I have two CentOS boxes at home, where I do lots of my work. Every night they are updated with the latest rpms to fix problems. I only have to reboot when I install a new kernel. Windows, on the other hand, needs to reboot for almost every single Windows Update.
These are the reasons I'm weary of using this shit OS.
What a strange time to release something...a week before Christmas, after Black Friday/Cyber Monday, and after the "deadline" of December 15 by which most retailers guarantee delivery before Christmas.
It's targeted as a work machine, which isn't really subject to seasonal Thanksgiving/Xmas buying, not much at least.
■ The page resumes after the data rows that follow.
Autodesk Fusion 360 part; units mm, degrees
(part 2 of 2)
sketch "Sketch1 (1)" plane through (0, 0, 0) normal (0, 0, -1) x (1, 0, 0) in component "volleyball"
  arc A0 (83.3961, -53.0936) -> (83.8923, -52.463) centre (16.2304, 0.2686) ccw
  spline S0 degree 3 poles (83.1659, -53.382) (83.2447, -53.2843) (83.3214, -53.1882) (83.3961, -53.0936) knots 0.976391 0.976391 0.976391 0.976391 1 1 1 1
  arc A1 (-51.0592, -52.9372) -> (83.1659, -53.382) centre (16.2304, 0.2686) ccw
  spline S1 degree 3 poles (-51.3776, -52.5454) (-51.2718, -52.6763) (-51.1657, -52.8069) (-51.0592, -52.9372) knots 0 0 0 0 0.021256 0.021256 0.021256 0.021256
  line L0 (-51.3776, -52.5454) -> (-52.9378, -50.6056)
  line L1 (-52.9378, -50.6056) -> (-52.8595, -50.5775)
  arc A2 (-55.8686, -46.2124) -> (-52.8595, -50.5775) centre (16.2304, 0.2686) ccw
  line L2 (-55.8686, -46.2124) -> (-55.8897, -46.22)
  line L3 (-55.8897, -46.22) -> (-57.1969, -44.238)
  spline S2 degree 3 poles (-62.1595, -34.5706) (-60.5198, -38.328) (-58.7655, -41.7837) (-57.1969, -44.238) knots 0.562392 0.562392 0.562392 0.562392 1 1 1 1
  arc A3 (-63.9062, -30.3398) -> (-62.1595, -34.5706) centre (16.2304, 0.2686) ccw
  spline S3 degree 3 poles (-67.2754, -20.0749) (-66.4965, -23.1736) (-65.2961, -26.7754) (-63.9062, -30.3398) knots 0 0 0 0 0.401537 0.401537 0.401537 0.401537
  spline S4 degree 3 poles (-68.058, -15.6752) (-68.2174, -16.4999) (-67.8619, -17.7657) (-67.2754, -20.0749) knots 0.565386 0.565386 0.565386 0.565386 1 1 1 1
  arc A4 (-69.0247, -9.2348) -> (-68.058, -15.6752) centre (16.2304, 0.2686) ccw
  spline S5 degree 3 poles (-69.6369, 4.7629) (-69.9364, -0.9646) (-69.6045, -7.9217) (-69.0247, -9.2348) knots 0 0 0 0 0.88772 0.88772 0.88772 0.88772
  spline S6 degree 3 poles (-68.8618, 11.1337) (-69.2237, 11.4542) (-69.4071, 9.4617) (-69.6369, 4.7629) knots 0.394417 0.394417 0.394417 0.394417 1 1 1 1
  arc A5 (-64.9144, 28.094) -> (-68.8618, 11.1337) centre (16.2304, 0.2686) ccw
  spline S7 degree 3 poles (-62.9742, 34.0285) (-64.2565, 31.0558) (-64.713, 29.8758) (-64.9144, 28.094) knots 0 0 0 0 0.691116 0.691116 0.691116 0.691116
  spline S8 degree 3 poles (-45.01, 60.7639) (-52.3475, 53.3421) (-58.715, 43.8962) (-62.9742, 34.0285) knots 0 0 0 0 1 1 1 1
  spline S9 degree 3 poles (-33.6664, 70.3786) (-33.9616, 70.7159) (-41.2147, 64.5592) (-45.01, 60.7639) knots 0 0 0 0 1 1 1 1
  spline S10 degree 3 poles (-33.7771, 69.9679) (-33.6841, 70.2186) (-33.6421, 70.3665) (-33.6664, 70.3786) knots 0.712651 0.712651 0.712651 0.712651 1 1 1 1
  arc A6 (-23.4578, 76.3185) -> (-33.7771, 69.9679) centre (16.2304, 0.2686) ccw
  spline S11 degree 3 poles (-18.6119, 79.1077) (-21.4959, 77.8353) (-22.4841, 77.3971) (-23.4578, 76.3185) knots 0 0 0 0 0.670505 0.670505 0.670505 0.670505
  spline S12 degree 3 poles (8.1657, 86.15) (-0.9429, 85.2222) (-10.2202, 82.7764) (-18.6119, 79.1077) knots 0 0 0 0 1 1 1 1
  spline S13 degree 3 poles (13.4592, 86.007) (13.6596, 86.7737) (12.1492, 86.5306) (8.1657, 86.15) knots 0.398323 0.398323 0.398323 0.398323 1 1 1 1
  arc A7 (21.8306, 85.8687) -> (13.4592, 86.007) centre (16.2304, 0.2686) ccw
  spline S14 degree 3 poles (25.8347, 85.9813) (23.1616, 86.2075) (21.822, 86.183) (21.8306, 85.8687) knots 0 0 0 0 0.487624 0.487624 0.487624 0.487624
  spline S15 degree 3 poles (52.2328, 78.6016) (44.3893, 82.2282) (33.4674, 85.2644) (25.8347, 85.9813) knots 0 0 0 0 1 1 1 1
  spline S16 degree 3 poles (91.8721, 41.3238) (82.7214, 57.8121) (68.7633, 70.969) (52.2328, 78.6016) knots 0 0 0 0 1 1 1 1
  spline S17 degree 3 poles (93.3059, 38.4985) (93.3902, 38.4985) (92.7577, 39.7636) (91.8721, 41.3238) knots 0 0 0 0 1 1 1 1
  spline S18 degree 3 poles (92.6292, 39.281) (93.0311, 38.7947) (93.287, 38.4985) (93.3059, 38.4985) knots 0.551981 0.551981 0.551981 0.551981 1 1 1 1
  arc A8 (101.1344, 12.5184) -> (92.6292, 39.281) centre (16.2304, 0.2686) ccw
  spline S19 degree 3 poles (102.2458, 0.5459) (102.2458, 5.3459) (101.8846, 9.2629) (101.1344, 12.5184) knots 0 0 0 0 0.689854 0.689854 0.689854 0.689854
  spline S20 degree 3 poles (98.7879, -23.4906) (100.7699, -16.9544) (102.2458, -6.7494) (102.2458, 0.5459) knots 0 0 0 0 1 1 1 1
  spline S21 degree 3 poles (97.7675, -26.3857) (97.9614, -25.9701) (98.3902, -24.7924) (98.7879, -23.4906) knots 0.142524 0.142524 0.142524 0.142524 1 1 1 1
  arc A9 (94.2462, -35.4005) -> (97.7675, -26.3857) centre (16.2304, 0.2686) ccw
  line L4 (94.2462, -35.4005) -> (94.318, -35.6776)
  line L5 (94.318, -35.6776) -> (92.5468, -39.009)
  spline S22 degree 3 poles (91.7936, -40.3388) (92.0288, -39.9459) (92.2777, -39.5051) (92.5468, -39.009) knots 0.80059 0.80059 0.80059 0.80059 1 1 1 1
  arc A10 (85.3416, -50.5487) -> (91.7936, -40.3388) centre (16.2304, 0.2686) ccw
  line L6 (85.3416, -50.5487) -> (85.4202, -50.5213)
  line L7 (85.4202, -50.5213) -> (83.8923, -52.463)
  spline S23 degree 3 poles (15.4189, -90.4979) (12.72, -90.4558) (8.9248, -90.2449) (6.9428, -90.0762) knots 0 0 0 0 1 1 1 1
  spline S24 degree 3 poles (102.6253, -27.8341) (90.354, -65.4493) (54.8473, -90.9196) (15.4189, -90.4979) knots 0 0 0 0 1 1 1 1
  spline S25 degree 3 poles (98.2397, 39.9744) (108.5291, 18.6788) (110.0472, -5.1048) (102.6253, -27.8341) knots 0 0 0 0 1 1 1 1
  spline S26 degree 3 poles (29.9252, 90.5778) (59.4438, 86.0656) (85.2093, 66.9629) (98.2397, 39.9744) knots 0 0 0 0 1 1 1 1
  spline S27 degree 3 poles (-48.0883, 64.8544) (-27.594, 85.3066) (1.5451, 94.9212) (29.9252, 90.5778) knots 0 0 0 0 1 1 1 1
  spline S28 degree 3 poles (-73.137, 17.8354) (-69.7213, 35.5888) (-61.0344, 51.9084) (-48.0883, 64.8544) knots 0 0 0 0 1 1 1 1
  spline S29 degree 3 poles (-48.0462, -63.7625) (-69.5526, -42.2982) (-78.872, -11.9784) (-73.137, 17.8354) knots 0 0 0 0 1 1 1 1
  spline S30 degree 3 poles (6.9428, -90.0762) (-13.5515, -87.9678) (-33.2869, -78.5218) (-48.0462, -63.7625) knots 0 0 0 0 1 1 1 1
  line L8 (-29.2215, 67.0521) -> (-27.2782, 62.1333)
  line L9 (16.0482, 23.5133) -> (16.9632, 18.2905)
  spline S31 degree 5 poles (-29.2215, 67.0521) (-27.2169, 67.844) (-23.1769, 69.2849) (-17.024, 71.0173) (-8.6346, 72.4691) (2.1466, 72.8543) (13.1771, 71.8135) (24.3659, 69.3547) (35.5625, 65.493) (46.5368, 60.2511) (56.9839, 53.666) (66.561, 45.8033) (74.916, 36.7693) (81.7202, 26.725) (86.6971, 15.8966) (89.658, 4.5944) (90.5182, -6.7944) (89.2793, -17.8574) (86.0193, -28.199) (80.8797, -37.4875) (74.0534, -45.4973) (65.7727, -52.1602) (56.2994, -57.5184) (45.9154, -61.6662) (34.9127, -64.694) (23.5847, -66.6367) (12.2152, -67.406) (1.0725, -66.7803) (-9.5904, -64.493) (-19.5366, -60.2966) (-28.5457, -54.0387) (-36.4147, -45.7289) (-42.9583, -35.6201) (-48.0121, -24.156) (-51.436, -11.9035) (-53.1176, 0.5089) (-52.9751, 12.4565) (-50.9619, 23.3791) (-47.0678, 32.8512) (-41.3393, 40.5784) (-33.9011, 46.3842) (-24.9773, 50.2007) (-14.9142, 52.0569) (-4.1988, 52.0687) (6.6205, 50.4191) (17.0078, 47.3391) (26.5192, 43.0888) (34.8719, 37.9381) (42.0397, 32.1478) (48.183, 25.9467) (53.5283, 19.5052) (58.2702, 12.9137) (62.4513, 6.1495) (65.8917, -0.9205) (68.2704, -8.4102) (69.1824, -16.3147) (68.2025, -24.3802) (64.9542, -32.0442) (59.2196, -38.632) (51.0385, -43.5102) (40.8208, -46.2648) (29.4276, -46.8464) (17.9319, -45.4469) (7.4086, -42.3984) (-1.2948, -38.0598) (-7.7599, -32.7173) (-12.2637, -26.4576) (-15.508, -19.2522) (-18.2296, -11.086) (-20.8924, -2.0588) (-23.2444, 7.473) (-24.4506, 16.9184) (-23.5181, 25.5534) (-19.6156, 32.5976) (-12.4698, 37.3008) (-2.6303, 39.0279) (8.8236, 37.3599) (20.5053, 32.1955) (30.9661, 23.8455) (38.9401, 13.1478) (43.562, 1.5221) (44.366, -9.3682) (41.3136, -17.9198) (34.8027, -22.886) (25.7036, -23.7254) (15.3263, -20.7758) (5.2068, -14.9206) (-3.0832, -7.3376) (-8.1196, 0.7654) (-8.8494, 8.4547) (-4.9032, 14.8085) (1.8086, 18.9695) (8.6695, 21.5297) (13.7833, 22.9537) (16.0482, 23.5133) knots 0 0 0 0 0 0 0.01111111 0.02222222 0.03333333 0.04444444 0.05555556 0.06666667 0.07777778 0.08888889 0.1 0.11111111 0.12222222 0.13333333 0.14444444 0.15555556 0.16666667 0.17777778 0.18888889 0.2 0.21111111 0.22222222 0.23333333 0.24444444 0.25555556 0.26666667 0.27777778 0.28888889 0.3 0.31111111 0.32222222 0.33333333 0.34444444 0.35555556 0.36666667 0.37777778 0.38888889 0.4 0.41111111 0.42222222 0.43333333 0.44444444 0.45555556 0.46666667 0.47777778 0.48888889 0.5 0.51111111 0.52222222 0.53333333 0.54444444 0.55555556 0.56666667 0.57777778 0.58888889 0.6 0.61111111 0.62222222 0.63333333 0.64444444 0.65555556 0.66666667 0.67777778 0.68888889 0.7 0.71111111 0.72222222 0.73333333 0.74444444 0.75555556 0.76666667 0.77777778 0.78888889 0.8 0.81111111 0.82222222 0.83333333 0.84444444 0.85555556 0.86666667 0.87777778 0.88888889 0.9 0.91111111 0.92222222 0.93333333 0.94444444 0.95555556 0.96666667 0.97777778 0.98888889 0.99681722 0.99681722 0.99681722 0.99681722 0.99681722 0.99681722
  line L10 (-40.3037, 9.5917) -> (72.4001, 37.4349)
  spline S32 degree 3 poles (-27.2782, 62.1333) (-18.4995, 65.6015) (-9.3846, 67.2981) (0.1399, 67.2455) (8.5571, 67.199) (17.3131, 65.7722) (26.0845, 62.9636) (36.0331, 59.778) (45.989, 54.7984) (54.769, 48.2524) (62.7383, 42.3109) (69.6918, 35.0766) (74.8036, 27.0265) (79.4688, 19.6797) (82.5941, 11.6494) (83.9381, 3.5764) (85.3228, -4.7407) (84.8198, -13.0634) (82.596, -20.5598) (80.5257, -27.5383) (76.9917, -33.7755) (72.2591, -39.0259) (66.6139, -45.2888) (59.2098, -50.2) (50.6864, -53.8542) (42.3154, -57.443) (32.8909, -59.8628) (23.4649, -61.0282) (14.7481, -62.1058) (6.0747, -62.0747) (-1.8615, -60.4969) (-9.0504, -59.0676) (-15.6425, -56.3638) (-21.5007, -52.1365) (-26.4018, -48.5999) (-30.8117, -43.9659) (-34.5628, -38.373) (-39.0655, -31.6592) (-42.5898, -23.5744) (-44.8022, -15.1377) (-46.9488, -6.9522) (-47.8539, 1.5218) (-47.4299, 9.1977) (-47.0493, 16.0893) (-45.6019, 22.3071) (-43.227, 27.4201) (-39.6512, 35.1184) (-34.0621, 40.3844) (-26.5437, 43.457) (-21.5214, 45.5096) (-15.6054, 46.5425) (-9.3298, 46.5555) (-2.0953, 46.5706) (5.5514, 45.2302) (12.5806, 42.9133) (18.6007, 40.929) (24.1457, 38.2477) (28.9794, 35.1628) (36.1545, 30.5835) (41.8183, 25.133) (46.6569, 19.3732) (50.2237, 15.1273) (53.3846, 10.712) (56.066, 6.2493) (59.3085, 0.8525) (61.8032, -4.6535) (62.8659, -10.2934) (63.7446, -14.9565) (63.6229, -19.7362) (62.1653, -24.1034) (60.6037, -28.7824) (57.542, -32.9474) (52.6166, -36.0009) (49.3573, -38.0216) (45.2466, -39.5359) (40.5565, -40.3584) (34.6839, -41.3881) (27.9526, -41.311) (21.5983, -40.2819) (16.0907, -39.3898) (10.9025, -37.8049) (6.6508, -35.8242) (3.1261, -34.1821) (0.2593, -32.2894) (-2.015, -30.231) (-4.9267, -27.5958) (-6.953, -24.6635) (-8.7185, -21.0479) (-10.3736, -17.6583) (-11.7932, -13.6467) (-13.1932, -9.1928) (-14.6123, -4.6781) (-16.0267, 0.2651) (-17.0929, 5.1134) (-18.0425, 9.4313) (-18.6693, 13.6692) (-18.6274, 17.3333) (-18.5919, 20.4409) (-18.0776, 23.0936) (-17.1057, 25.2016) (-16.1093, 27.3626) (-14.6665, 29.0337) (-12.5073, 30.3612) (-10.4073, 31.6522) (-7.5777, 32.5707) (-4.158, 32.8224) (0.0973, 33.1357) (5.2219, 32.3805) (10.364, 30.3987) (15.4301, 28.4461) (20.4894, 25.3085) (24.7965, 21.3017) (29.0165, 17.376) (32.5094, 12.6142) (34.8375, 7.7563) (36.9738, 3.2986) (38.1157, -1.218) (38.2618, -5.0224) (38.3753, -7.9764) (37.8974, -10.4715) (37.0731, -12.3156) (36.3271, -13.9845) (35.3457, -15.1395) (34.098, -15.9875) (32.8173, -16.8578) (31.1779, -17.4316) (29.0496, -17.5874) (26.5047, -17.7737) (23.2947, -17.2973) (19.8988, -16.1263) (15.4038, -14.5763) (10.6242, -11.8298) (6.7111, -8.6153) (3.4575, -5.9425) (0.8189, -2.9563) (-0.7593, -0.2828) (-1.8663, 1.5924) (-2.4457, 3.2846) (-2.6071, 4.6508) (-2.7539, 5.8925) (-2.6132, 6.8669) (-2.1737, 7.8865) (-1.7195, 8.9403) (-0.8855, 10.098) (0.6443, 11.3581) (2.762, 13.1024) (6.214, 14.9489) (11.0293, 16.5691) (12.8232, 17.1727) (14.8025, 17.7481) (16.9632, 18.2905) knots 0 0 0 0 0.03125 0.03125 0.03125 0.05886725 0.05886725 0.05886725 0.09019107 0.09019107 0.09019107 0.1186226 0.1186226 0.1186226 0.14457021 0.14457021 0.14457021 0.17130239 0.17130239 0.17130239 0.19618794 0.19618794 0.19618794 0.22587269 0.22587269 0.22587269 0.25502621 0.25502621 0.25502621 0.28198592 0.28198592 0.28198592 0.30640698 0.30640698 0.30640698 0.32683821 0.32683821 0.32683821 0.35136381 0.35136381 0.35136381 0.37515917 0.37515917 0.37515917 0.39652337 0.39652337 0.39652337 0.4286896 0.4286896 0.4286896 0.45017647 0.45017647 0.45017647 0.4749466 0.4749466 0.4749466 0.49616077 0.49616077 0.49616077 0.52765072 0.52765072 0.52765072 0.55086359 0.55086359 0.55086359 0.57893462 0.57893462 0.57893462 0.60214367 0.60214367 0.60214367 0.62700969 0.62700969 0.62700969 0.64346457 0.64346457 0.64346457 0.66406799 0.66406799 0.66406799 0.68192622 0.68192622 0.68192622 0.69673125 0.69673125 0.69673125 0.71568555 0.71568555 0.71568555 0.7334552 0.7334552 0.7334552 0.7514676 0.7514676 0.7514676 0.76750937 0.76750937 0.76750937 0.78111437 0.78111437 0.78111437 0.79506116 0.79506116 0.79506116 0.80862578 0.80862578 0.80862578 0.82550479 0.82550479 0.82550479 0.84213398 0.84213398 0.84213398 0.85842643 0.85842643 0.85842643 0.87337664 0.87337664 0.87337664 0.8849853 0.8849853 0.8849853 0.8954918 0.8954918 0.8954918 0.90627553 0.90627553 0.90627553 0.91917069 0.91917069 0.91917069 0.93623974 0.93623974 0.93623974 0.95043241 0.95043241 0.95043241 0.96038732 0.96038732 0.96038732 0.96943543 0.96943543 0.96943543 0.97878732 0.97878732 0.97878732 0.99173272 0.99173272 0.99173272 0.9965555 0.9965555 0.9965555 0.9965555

I'm guessing the demographic of people dropping $3-6K on shiny Xeon-shaped garbage cans as Christmas gifts is pretty small.
That said, I suspect they wanted to release this one earlier but hit some speed bumps.
Apple did say "December". They dident say you would GET it in December, but it would be available to PURCHASE in December... Same with iPhones these days... order online, 3-4 weeks before you get it...
(repost from a similar thread earlier today)
The RAM limits on laptops are nearly understandable. But on a machine like this, it seems like obvious greed on the part of Apple to give this machine a maximum life span of 3-4 years.